*** Opening THE DATA ***
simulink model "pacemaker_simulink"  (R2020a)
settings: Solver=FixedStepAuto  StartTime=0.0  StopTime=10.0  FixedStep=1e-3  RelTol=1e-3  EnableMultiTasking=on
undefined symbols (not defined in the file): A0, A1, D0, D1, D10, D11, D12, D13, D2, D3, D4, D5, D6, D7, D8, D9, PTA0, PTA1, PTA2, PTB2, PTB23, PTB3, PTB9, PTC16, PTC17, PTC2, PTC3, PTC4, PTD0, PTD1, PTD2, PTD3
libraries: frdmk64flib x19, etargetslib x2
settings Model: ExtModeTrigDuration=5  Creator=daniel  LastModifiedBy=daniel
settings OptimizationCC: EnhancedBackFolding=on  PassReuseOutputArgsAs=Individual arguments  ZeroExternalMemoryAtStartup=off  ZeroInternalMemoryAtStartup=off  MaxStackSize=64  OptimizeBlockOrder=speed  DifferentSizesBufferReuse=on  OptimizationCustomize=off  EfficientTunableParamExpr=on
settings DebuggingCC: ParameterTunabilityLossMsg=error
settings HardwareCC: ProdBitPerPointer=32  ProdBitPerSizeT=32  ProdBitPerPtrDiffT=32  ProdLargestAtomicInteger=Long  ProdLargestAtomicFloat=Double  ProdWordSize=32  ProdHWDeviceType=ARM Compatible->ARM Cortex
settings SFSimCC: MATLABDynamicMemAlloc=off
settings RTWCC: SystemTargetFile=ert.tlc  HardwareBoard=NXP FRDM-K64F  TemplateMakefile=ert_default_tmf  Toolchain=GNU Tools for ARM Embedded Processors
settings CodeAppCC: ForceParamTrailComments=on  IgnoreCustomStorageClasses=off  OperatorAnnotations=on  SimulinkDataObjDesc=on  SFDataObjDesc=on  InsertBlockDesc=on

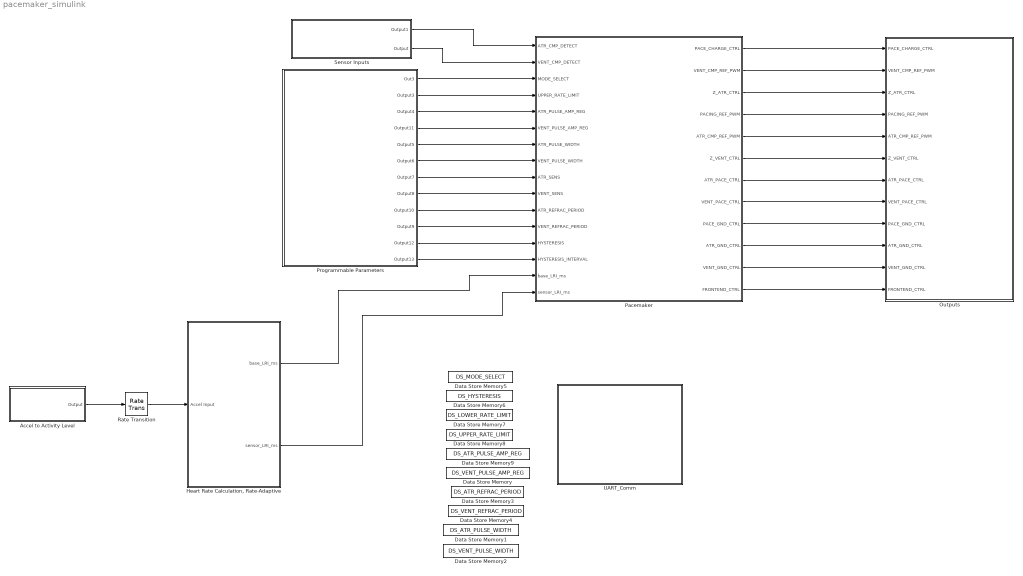
== system pacemaker_simulink ==
  Accel to Activity Level : Subsystem
  Data Store Memory : DataStoreMemory  DataStoreName=DS_VENT_PULSE_AMP_REG  ReadBeforeWriteMsg=warning  WriteAfterWriteMsg=warning  WriteAfterReadMsg=warning  InitialValue=3  ShowAdditionalParam=off
  Data Store Memory1 : DataStoreMemory  DataStoreName=DS_ATR_PULSE_WIDTH  ReadBeforeWriteMsg=warning  WriteAfterWriteMsg=warning  WriteAfterReadMsg=warning  InitialValue=40  ShowAdditionalParam=off
  Data Store Memory2 : DataStoreMemory  DataStoreName=DS_VENT_PULSE_WIDTH  ReadBeforeWriteMsg=warning  WriteAfterWriteMsg=warning  WriteAfterReadMsg=warning  InitialValue=40  ShowAdditionalParam=off
  Data Store Memory3 : DataStoreMemory  DataStoreName=DS_ATR_REFRAC_PERIOD  ReadBeforeWriteMsg=warning  WriteAfterWriteMsg=warning  WriteAfterReadMsg=warning  InitialValue=250  ShowAdditionalParam=off
  Data Store Memory4 : DataStoreMemory  DataStoreName=DS_VENT_REFRAC_PERIOD  ReadBeforeWriteMsg=warning  WriteAfterWriteMsg=warning  WriteAfterReadMsg=warning  InitialValue=320  ShowAdditionalParam=off
  Data Store Memory5 : DataStoreMemory  DataStoreName=DS_MODE_SELECT  ReadBeforeWriteMsg=warning  WriteAfterWriteMsg=warning  WriteAfterReadMsg=warning  ShowAdditionalParam=off
  Data Store Memory6 : DataStoreMemory  DataStoreName=DS_HYSTERESIS  ReadBeforeWriteMsg=warning  WriteAfterWriteMsg=warning  WriteAfterReadMsg=warning  InitialValue=false  ShowAdditionalParam=off
  Data Store Memory7 : DataStoreMemory  DataStoreName=DS_LOWER_RATE_LIMIT  ReadBeforeWriteMsg=warning  WriteAfterWriteMsg=warning  WriteAfterReadMsg=warning  InitialValue=60  ShowAdditionalParam=off
  Data Store Memory8 : DataStoreMemory  DataStoreName=DS_UPPER_RATE_LIMIT  ReadBeforeWriteMsg=warning  WriteAfterWriteMsg=warning  WriteAfterReadMsg=warning  InitialValue=150  ShowAdditionalParam=off
  Data Store Memory9 : DataStoreMemory  DataStoreName=DS_ATR_PULSE_AMP_REG  ReadBeforeWriteMsg=warning  WriteAfterWriteMsg=warning  WriteAfterReadMsg=warning  InitialValue=3  ShowAdditionalParam=off
  "Heart Rate Calculation, Rate-Adaptive" : Subsystem
  Outputs : Subsystem
  Pacemaker : Stateflow chart  TreatAsAtomicUnit=on
  Programmable Parameters : Subsystem
      settings: PortSchema="{\"entries\":[{\"content\":{\"sides\":[{\"content\":{\"connectorIds\":[]},\"type\":\"ConnectorPlacement.EquallySpacedRectSide\",\"uuid\":\"ad17499e-bbf1-46ac-9bc3-211a812e9102\"},{\"content\":{\"connectorIds\":[],\"side\":\"RIGHT\"},\"type\":\"ConnectorPlacement.EquallySpacedRectSide\",\"uuid\":\"568c1922-f5a0-4c26-aaad-185975cb380b\"},{\"content\":{\"connectorIds\":[],\"side\":\"TOP\"},\"type\":\"ConnectorPlacement.EquallySpacedRectSide\",\"uuid\":\"d207e90b-8621-47c5-8c13-82a36e9f435e\"},{\"content\":{\"connectorIds\":[\"Out1\",\"Out2\",\"Out3\",\"Out4\",\"Out5\",\"Out6\",\"Out7\",\"Out8\",\"Out9\",\"Out10\",\"Out11\",\"Out12\"],\"side\":\"BOTTOM\"},\"type\":\"ConnectorPlacement.EquallySpacedRectSide\",\"uuid\":\"3dce8df0-4d4b-4fe4-989f-5fe138a91413\"}]},\"type\":\"ConnectorPlacement.EquallySpacedConnector\",\"uuid\":\"338e4dbd-0331-4be2-9b95-53beecb91762\"}],\"packageUris\":[\"http://schema.mathworks.com/mf0/Connector/19700101\"],\"version\":\"1.0\"}"
  Rate Transition : RateTransition  OutPortSampleTime=0.001
  Sensor Inputs : Subsystem
  UART_Comm : Subsystem
  wires:
  Programmable Parameters/1(Out3) -> Pacemaker/3(MODE_SELECT)
  Programmable Parameters/2(Output3) -> Pacemaker/4(UPPER_RATE_LIMIT)
  Programmable Parameters/3(Output4) -> Pacemaker/5(ATR_PULSE_AMP_REG)
  Programmable Parameters/5(Output5) -> Pacemaker/7(ATR_PULSE_WIDTH)
  Programmable Parameters/4(Output11) -> Pacemaker/6(VENT_PULSE_AMP_REG)
  Programmable Parameters/6(Output6) -> Pacemaker/8(VENT_PULSE_WIDTH)
  Programmable Parameters/7(Output7) -> Pacemaker/9(ATR_SENS)
  Programmable Parameters/8(Output8) -> Pacemaker/10(VENT_SENS)
  Programmable Parameters/9(Output10) -> Pacemaker/11(ATR_REFRAC_PERIOD)
  Programmable Parameters/10(Output9) -> Pacemaker/12(VENT_REFRAC_PERIOD)
  Pacemaker/1(PACE_CHARGE_CTRL) -> Outputs/1(PACE_CHARGE_CTRL)
  Pacemaker/2(VENT_CMP_REF_PWM) -> Outputs/2(VENT_CMP_REF_PWM)
  Pacemaker/3(Z_ATR_CTRL) -> Outputs/3(Z_ATR_CTRL)
  Pacemaker/4(PACING_REF_PWM) -> Outputs/4(PACING_REF_PWM)
  Pacemaker/5(ATR_CMP_REF_PWM) -> Outputs/5(ATR_CMP_REF_PWM)
  Pacemaker/6(Z_VENT_CTRL) -> Outputs/6(Z_VENT_CTRL)
  Pacemaker/7(ATR_PACE_CTRL) -> Outputs/7(ATR_PACE_CTRL)
  Pacemaker/8(VENT_PACE_CTRL) -> Outputs/8(VENT_PACE_CTRL)
  Pacemaker/9(PACE_GND_CTRL) -> Outputs/9(PACE_GND_CTRL)
  Pacemaker/10(ATR_GND_CTRL) -> Outputs/10(ATR_GND_CTRL)
  Pacemaker/11(VENT_GND_CTRL) -> Outputs/11(VENT_GND_CTRL)
  Pacemaker/12(FRONTEND_CTRL) -> Outputs/12(FRONTEND_CTRL)
  Programmable Parameters/11(Output12) -> Pacemaker/13(HYSTERESIS)
  Programmable Parameters/12(Output13) -> Pacemaker/14(HYSTERESIS_INTERVAL)
  Sensor Inputs/1(Output1) -> Pacemaker/1(ATR_CMP_DETECT)
  Sensor Inputs/2(Output) -> Pacemaker/2(VENT_CMP_DETECT)
  "Heart Rate Calculation, Rate-Adaptive"/1(base_LRI_ms) -> Pacemaker/15(base_LRI_ms)
  "Heart Rate Calculation, Rate-Adaptive"/2(sensor_LRI_ms) -> Pacemaker/16(sensor_LRI_ms)
  Rate Transition/1 -> "Heart Rate Calculation, Rate-Adaptive"/1(Accel Input)
  Accel to Activity Level/1(Output) -> Rate Transition/1

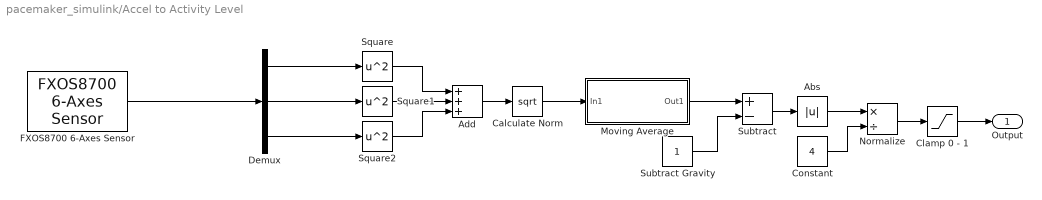
== system pacemaker_simulink/Accel to Activity Level ==
  Abs : Abs
  Add : Sum  Inputs=+++
  Calculate Norm : Sqrt  SaturateOnIntegerOverflow=on
  Clamp 0 - 1 : Saturate  UpperLimit=1  LowerLimit=0
  Constant : Constant  Value=4
  Demux : Demux  Outputs=3
  FXOS8700 6-Axes Sensor : frdmk64flib/FXOS8700 6-Axes Sensor  Activesensor=Accelerometer only  ODR=800Hz  HybridODR=400Hz  Accelfullrange=-4g to +4g  SampleTime=0.02
  Moving Average : Subsystem
  Normalize : Product  Inputs=*/
  Square : Math  Operator=square  SaturateOnIntegerOverflow=on
  Square1 : Math  Operator=square  SaturateOnIntegerOverflow=on
  Square2 : Math  Operator=square  SaturateOnIntegerOverflow=on
  Subtract : Sum  Inputs=+-
  Subtract Gravity : Constant
  Output : Outport
  wires:
  Subtract/1 -> Abs/1
  Square/1 -> Add/1
  Moving Average/1(Out1) -> Subtract/1
  Demux/1 -> Square/1
  Square1/1 -> Add/2
  Square2/1 -> Add/3
  Normalize/1 -> Clamp 0 - 1/1
  Abs/1 -> Normalize/1
  Add/1 -> Calculate Norm/1
  Calculate Norm/1 -> Moving Average/1(In1)
  Demux/2 -> Square1/1
  Demux/3 -> Square2/1
  Constant/1 -> Normalize/2
  Subtract Gravity/1 -> Subtract/2
  Clamp 0 - 1/1 -> Output/1
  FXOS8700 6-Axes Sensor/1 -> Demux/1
*** Closing THE DATA ***
▶ [TASK INSTRUCTIONS]: Only one stretch is wanted, so please give again exactly the lines from the start of the data through the line containing "libraries: frdmk64flib x19, etargetslib x2", both ends included.

▶ [RESULT OF THIS TASK]:
simulink model "pacemaker_simulink"  (R2020a)
settings: Solver=FixedStepAuto  StartTime=0.0  StopTime=10.0  FixedStep=1e-3  RelTol=1e-3  EnableMultiTasking=on
undefined symbols (not defined in the file): A0, A1, D0, D1, D10, D11, D12, D13, D2, D3, D4, D5, D6, D7, D8, D9, PTA0, PTA1, PTA2, PTB2, PTB23, PTB3, PTB9, PTC16, PTC17, PTC2, PTC3, PTC4, PTD0, PTD1, PTD2, PTD3
libraries: frdmk64flib x19, etargetslib x2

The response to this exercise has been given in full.